Stand-alone Dataset Repositories

It is important to deposit research data into repository that can assign a persistent identifier, in addition to a specialized repository such as SoyBase for relevant datasets. Examples of persistent identifier are DOIs (Ditital Object Identifiers), ARKs (Archival Resource Keys), and genomic data accessions at the major genomic data repositories: GenBank, EMBL, DDBJ; and variant data at the European Variation Archive (EVA). SoyBase will also assign identifiers internally, but relies on external persistent identifiers for data stability and to aid in integrating with other resources. Some frequently-used repositories are listed below. Please contact us if you have questions or would like to contribute data.

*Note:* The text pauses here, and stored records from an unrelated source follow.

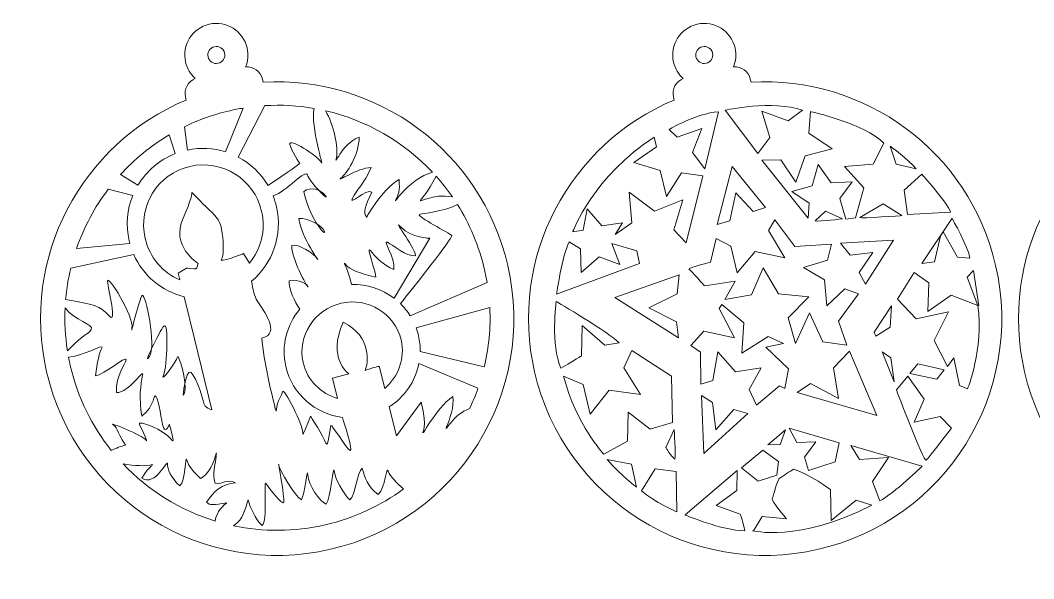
# Model space of a CAD drawing. Header units: millimetres. Extents: x -519 to -76, y -665 to -462.
# Drawn here: x -518.6 to -339.8, y -560.2 to -461.7 of the extents above; entities that cross this region are included whole.
import ezdxf

# ---------------------------------------------------------------- set-up
doc = ezdxf.new("R2010")
doc.units = ezdxf.units.MM
doc.header["$MEASUREMENT"] = 0
doc.layers.add('layer 1', color=7, linetype='Continuous')

msp = doc.modelspace()

# ---------------------------------------------------------------- linework, layer by layer
at = {"layer": 'layer 1', "color": 1, "lineweight": 9}
for points, knots in [([(-475.7315, -472.658), (-455.7547, -471.4451), (-437.239, -484.7825), (-432.5873, -504.931), (-427.4023, -527.3894), (-441.405, -549.7987), (-463.8634, -554.9837), (-486.322, -560.1686), (-508.731, -546.1657), (-513.9159, -523.7072), (-518.5676, -503.5588), (-507.7725, -483.4545), (-489.2861, -475.7874), (-489.2861, -475.7874), (-489.4173, -475.2196), (-489.4173, -475.2196), (-489.7331, -473.8515), (-488.9692, -472.4746), (-487.6894, -471.9909), (-488.5186, -471.2515), (-489.1349, -470.2573), (-489.404, -469.0924), (-490.0953, -466.0979), (-488.2284, -463.1101), (-485.2337, -462.4187), (-482.2393, -461.7274), (-479.2514, -463.5944), (-478.5601, -466.5889), (-478.2911, -467.7538), (-478.4094, -468.9176), (-478.8305, -469.9457), (-477.4684, -469.8194), (-476.1784, -470.7222), (-475.8626, -472.0902), (-475.8626, -472.0902), (-475.7315, -472.658), (-475.7315, -472.658)], [0, 0, 0, 0, 0.08333333, 0.08333333, 0.08333333, 0.16666667, 0.16666667, 0.16666667, 0.25, 0.25, 0.25, 0.33333333, 0.33333333, 0.33333333, 0.41666667, 0.41666667, 0.41666667, 0.5, 0.5, 0.5, 0.58333333, 0.58333333, 0.58333333, 0.66666667, 0.66666667, 0.66666667, 0.75, 0.75, 0.75, 0.83333333, 0.83333333, 0.83333333, 0.91666667, 0.91666667, 0.91666667, 1, 1, 1, 1]), ([(-389.6606, -472.658), (-369.6838, -471.4451), (-351.168, -484.7825), (-346.5163, -504.931), (-341.3313, -527.3895), (-355.3342, -549.7988), (-377.7925, -554.9837), (-400.2508, -560.1686), (-422.66, -546.1657), (-427.8449, -523.7073), (-432.4966, -503.5588), (-421.7015, -483.4545), (-403.2152, -475.7875), (-403.2152, -475.7875), (-403.3464, -475.2196), (-403.3464, -475.2196), (-403.6622, -473.8515), (-402.8982, -472.4747), (-401.6184, -471.991), (-402.4477, -471.2516), (-403.0641, -470.2574), (-403.3331, -469.0925), (-404.0244, -466.098), (-402.1574, -463.1101), (-399.1628, -462.4187), (-396.1684, -461.7274), (-393.1804, -463.5944), (-392.4891, -466.589), (-392.2202, -467.7538), (-392.3385, -468.9177), (-392.7598, -469.9458), (-391.3975, -469.8194), (-390.1075, -470.7222), (-389.7916, -472.0903), (-389.7916, -472.0903), (-389.6606, -472.658), (-389.6606, -472.658)], [0, 0, 0, 0, 0.08333333, 0.08333333, 0.08333333, 0.16666667, 0.16666667, 0.16666667, 0.25, 0.25, 0.25, 0.33333333, 0.33333333, 0.33333333, 0.41666667, 0.41666667, 0.41666667, 0.5, 0.5, 0.5, 0.58333333, 0.58333333, 0.58333333, 0.66666667, 0.66666667, 0.66666667, 0.75, 0.75, 0.75, 0.83333333, 0.83333333, 0.83333333, 0.91666667, 0.91666667, 0.91666667, 1, 1, 1, 1]), ([(-303.2271, -472.658), (-283.2504, -471.4451), (-264.7345, -484.7825), (-260.0829, -504.9311), (-254.8979, -527.3894), (-268.9009, -549.7987), (-291.3592, -554.9837), (-313.8175, -560.1686), (-336.2267, -546.1657), (-341.4116, -523.7073), (-346.0633, -503.5588), (-335.2682, -483.4545), (-316.7818, -475.7874), (-316.7818, -475.7874), (-316.9129, -475.2196), (-316.9129, -475.2196), (-317.2288, -473.8515), (-316.4649, -472.4746), (-315.1849, -471.9909), (-316.0143, -471.2515), (-316.6307, -470.2573), (-316.8997, -469.0925), (-317.591, -466.0979), (-315.724, -463.11), (-312.7295, -462.4187), (-309.7351, -461.7274), (-306.7471, -463.5944), (-306.0558, -466.5889), (-305.7868, -467.7538), (-305.9052, -468.9176), (-306.3263, -469.9457), (-304.9641, -469.8194), (-303.674, -470.7222), (-303.3581, -472.0902), (-303.3581, -472.0902), (-303.2271, -472.658), (-303.2271, -472.658)], [0, 0, 0, 0, 0.08333333, 0.08333333, 0.08333333, 0.16666667, 0.16666667, 0.16666667, 0.25, 0.25, 0.25, 0.33333333, 0.33333333, 0.33333333, 0.41666667, 0.41666667, 0.41666667, 0.5, 0.5, 0.5, 0.58333333, 0.58333333, 0.58333333, 0.66666667, 0.66666667, 0.66666667, 0.75, 0.75, 0.75, 0.83333333, 0.83333333, 0.83333333, 0.91666667, 0.91666667, 0.91666667, 1, 1, 1, 1]), ([(-484.3193, -466.3791), (-483.5123, -466.1928), (-482.7069, -466.6961), (-482.5206, -467.5033), (-482.3343, -468.3105), (-482.8374, -469.1159), (-483.6445, -469.3022), (-484.4517, -469.4886), (-485.2572, -468.9853), (-485.4435, -468.1781), (-485.6298, -467.3709), (-485.1266, -466.5655), (-484.3193, -466.3791)], [0, 0, 0, 0, 0.25, 0.25, 0.25, 0.5, 0.5, 0.5, 0.75, 0.75, 0.75, 1, 1, 1, 1]), ([(-398.2484, -466.3792), (-397.4413, -466.1928), (-396.6359, -466.6961), (-396.4496, -467.5033), (-396.2633, -468.3105), (-396.7665, -469.1159), (-397.5737, -469.3023), (-398.3808, -469.4886), (-399.1863, -468.9853), (-399.3726, -468.1782), (-399.5591, -467.371), (-399.0557, -466.5655), (-398.2484, -466.3792)], [0, 0, 0, 0, 0.25, 0.25, 0.25, 0.5, 0.5, 0.5, 0.75, 0.75, 0.75, 1, 1, 1, 1]), ([(-489.0827, -484.6001), (-486.7796, -484.1182), (-484.4866, -484.2611), (-482.3838, -484.9166), (-482.3838, -484.9166), (-479.2424, -477.202), (-479.2424, -477.202), (-480.0374, -477.3326), (-480.8328, -477.4869), (-481.6286, -477.6706), (-484.4482, -478.3216), (-487.1193, -479.274), (-489.6157, -480.4869), (-489.6157, -480.4869), (-489.0827, -484.6001), (-489.0827, -484.6001)], [0, 0, 0, 0, 0.2, 0.2, 0.2, 0.4, 0.4, 0.4, 0.6, 0.6, 0.6, 0.8, 0.8, 0.8, 1, 1, 1, 1]), ([(-474.8687, -490.861), (-473.3955, -489.8713), (-469.2373, -486.9822), (-469.2373, -486.9822), (-469.2373, -486.9822), (-470.6808, -484.8702), (-471.0206, -483.6061), (-471.3605, -482.3418), (-466.0821, -485.5349), (-465.4494, -486.8269), (-464.897, -487.9551), (-467.4091, -480.5442), (-466.7533, -477.2592), (-469.5866, -476.7647), (-472.503, -476.5918), (-475.4563, -476.7742), (-475.4563, -476.7742), (-480.121, -485.8581), (-480.121, -485.8581), (-477.9664, -486.9953), (-476.132, -488.7148), (-474.8687, -490.861)], [0, 0, 0, 0, 0.14285714, 0.14285714, 0.14285714, 0.28571429, 0.28571429, 0.28571429, 0.42857143, 0.42857143, 0.42857143, 0.57142857, 0.57142857, 0.57142857, 0.71428571, 0.71428571, 0.71428571, 0.85714286, 0.85714286, 0.85714286, 1, 1, 1, 1]), ([(-464.7511, -477.6632), (-463.2677, -480.0624), (-462.4257, -484.3188), (-462.8005, -485.8798), (-463.2875, -487.9101), (-461.9692, -483.5594), (-458.7952, -482.3178), (-458.7492, -485.5385), (-461.0766, -488.7902), (-461.9945, -489.5776), (-462.912, -490.3647), (-459.0703, -487.7517), (-456.6963, -487.6831), (-457.846, -490.5489), (-459.2732, -491.6343), (-459.9879, -493.094), (-460.7022, -494.5536), (-457.4928, -491.2712), (-456.5566, -492.0141), (-457.785, -494.4555), (-458.2103, -495.824), (-457.4118, -496.3831), (-458.0849, -497.4016), (-454.8184, -491.4688), (-451.7613, -489.8041), (-451.5467, -491.7686), (-451.8986, -492.5211), (-452.3552, -493.4418), (-452.7774, -494.2925), (-450.0842, -489.7133), (-445.8643, -488.514), (-450.9322, -483.1356), (-457.5156, -479.3378), (-464.7511, -477.6632)], [0, 0, 0, 0, 0.09090909, 0.09090909, 0.09090909, 0.18181818, 0.18181818, 0.18181818, 0.27272727, 0.27272727, 0.27272727, 0.36363636, 0.36363636, 0.36363636, 0.45454545, 0.45454545, 0.45454545, 0.54545455, 0.54545455, 0.54545455, 0.63636364, 0.63636364, 0.63636364, 0.72727273, 0.72727273, 0.72727273, 0.81818182, 0.81818182, 0.81818182, 0.90909091, 0.90909091, 0.90909091, 1, 1, 1, 1]), ([(-395.4277, -477.8415), (-399.3544, -478.1646), (-404.1007, -480.9553), (-404.1007, -480.9553), (-404.1007, -480.9553), (-402.7206, -482.3594), (-402.7206, -482.3594), (-402.7206, -482.3594), (-398.3252, -480.8167), (-398.3252, -480.8167), (-398.3252, -480.8167), (-399.991, -485.0357), (-399.991, -485.0357), (-399.991, -485.0357), (-397.8296, -487.8989), (-397.8296, -487.8989), (-397.8296, -487.8989), (-395.4277, -477.8415), (-395.4277, -477.8415)], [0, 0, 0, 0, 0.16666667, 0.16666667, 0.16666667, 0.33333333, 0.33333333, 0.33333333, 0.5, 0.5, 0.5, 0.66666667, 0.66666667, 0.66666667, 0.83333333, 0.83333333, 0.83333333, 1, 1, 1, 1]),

USDA Ag Data Commons (data.nal.usda.gov)
Free service. The Ag Data Commons "About" message: "a public, government, scientific research data catalog and repository available to help the agricultural research community share and discover research data funded by the United States Department of Agriculture and meet Federal open access requirements."

Dryad (DataDryad.org)
Requires free registration to use. Requires a Publishing Charge of $120 up front. Additional charge for package of files in excess of 20GB. Assigns a DOI to packages. Packages can contain multiple file types. Minimal metadata required. Text searching of user supplied metadata.

Figshare (Figshare.com)
Requires free registration to use. Provides web access to user uploaded datasets, PDFs, Presentations and videos. Assigns DOI to files of any format. Minimal metadata required for submission. Text based searching of metadata. Up to 20GB of free space and an upload limit of 5GB. Suggest a licensing of CC-BY for figures, media, posters, paper and filesets and CC0 for datasets and metadata (see above for license definitions).

Mendeley Data (data.mendeley.com)
Provides web accessible storage for datasets. Collects user supplied metadata and allows text searches of that metadata. Supplies links to internal or external data archives. A DOI is provided to datasets that pass Mendeley review. Users select license to publish their data under (see above for license options). Storage is free at the moment.

Nature Scientific Data (nature.com/sdata)
A peer-reviewed, open access journal for the descriptions of scientific datasets. Submissions of descriptions of big or small datasets. Archives the information needed to interpret, reuse and reproduce data. Provides a way to search for datasets using standard vocabularies and metadata collected in a standardized way. Supplies links to the repositories where the data is actually housed. Publication charge of $1675 USD. This gives < 100GB storage at Figshare. For uploads of more than 100GB additional charges apply. All content-types are published under a Creative Commons Attribution 4.0 International Licence (CC BY; see above for definition)

Zenodo (Zenodo.org)
Requires free registration to use. Provides web access to user uploaded datasets, PDFs, Posters, Presentations and Software. Minimal metadata required for submission. Text based searching. Can restrict access. Provides DOI's to datasets. Can only accept files < 50GB at a time. Users can have multiple datasets. Users must specify a license for all publicly available files (see above for license options). Funded by CERN.

Data Licensing Types -- Creative Commons Licenses

Attribution : CC BY
This license lets others distribute, remix, tweak, and build upon your work, even commercially, as long as they credit you for the original creation. This is the most accommodating of licenses offered. Recommended for maximum dissemination and use of licensed materials.

Attribution-ShareAlike : CC BY-SA
This license lets others remix, tweak, and build upon your work even for commercial purposes, as long as they credit you and license their new creations under the identical terms. This license is often compared to “copyleft” free and open source software licenses. All new works based on yours will carry the same license, so any derivatives will also allow commercial use. This is the license used by Wikipedia, and is recommended for materials that would benefit from incorporating content from Wikipedia and similarly licensed projects.

Attribution-NoDerivs : CC BY-ND
This license allows for redistribution, commercial and non-commercial, as long as it is passed along unchanged and in whole, with credit to you.

Attribution-NonCommercial : CC BY-NC
This license lets others remix, tweak, and build upon your work non-commercially, and although their new works must also acknowledge you and be non-commercial, they don’t have to license their derivative works on the same terms.

Attribution-NonCommercial-ShareAlike : CC BY-NC-SA
This license lets others remix, tweak, and build upon your work non-commercially, as long as they credit you and license their new creations under the identical terms.

Attribution-NonCommercial-NoDerivs : CC BY-NC-ND
This license is the most restrictive of the six main licenses, only allowing others to download your works and share them with others as long as they credit you, but they can’t change them in any way or use them commercially.